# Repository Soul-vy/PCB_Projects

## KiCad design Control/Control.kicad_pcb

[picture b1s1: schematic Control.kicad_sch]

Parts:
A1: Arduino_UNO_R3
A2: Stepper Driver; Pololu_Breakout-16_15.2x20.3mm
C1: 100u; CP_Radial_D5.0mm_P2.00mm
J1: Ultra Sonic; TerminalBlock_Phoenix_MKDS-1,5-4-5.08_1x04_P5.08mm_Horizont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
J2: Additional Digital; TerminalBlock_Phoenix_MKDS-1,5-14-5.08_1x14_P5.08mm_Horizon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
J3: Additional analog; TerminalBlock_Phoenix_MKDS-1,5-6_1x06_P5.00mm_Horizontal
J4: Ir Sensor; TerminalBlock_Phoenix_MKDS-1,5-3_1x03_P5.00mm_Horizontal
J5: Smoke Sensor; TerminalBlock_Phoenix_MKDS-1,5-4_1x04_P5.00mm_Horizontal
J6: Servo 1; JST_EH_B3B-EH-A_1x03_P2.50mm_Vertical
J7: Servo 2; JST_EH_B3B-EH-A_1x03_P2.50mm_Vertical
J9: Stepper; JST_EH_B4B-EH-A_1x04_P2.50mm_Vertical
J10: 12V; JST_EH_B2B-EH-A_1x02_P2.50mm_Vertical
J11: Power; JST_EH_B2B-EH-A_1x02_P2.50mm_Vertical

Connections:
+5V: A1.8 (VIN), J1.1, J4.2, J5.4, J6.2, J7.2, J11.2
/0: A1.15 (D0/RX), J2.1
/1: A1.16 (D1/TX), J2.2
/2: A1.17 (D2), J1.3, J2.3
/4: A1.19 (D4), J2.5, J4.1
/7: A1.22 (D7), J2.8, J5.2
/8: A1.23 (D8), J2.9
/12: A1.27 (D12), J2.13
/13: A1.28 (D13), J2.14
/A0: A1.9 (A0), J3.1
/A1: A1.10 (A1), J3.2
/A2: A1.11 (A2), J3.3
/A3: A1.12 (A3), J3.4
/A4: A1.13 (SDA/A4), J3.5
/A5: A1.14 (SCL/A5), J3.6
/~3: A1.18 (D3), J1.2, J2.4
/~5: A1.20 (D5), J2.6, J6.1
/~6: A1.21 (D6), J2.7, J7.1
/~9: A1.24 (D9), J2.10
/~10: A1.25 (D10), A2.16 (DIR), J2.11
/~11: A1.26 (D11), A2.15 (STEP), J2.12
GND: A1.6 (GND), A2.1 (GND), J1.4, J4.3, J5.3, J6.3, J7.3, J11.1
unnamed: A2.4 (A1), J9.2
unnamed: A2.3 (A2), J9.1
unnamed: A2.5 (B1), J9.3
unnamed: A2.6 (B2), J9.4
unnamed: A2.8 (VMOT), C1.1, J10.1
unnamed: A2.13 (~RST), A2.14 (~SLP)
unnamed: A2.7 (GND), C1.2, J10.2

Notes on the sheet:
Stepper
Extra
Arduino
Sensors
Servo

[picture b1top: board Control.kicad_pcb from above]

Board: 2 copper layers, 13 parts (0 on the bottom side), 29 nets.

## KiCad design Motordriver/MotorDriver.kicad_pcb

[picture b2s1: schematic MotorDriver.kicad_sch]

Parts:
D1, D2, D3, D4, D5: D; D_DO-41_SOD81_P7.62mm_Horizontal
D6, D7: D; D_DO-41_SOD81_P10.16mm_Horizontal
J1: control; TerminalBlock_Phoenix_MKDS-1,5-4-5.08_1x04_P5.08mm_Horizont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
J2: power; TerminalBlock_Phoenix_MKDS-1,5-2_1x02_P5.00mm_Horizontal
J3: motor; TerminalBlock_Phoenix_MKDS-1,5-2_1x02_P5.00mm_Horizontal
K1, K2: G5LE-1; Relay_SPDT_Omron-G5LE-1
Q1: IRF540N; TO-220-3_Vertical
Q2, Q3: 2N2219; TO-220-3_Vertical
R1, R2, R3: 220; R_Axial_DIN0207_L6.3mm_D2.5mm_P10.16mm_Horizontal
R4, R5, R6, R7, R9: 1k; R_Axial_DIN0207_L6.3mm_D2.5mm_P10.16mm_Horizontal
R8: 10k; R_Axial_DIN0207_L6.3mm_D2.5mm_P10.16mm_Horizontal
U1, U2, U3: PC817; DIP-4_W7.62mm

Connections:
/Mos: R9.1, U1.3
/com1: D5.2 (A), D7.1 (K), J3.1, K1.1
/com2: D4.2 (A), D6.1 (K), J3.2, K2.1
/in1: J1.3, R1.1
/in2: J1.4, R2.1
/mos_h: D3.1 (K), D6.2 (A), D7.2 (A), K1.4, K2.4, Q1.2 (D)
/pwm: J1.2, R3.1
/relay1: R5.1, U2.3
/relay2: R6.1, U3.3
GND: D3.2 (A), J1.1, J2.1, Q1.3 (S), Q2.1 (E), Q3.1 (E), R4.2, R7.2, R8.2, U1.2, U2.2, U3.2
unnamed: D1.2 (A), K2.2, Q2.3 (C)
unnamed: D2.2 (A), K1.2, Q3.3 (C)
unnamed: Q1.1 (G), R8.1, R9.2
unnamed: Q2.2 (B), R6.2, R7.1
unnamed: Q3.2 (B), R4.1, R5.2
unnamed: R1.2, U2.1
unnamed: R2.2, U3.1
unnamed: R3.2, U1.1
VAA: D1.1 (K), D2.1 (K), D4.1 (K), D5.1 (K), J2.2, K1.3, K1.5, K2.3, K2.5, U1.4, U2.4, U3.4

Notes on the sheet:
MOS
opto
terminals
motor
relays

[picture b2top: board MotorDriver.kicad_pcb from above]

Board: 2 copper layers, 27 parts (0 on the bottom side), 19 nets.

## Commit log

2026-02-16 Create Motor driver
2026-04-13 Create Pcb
■ ■ ■ ■ ■ ■ ■
> _What the exercise asks_
In the records above, find each line with the word "nets" and copy it out.

> _Expected output_
Board: 2 copper layers, 13 parts (0 on the bottom side), 29 nets.
Board: 2 copper layers, 27 parts (0 on the bottom side), 19 nets.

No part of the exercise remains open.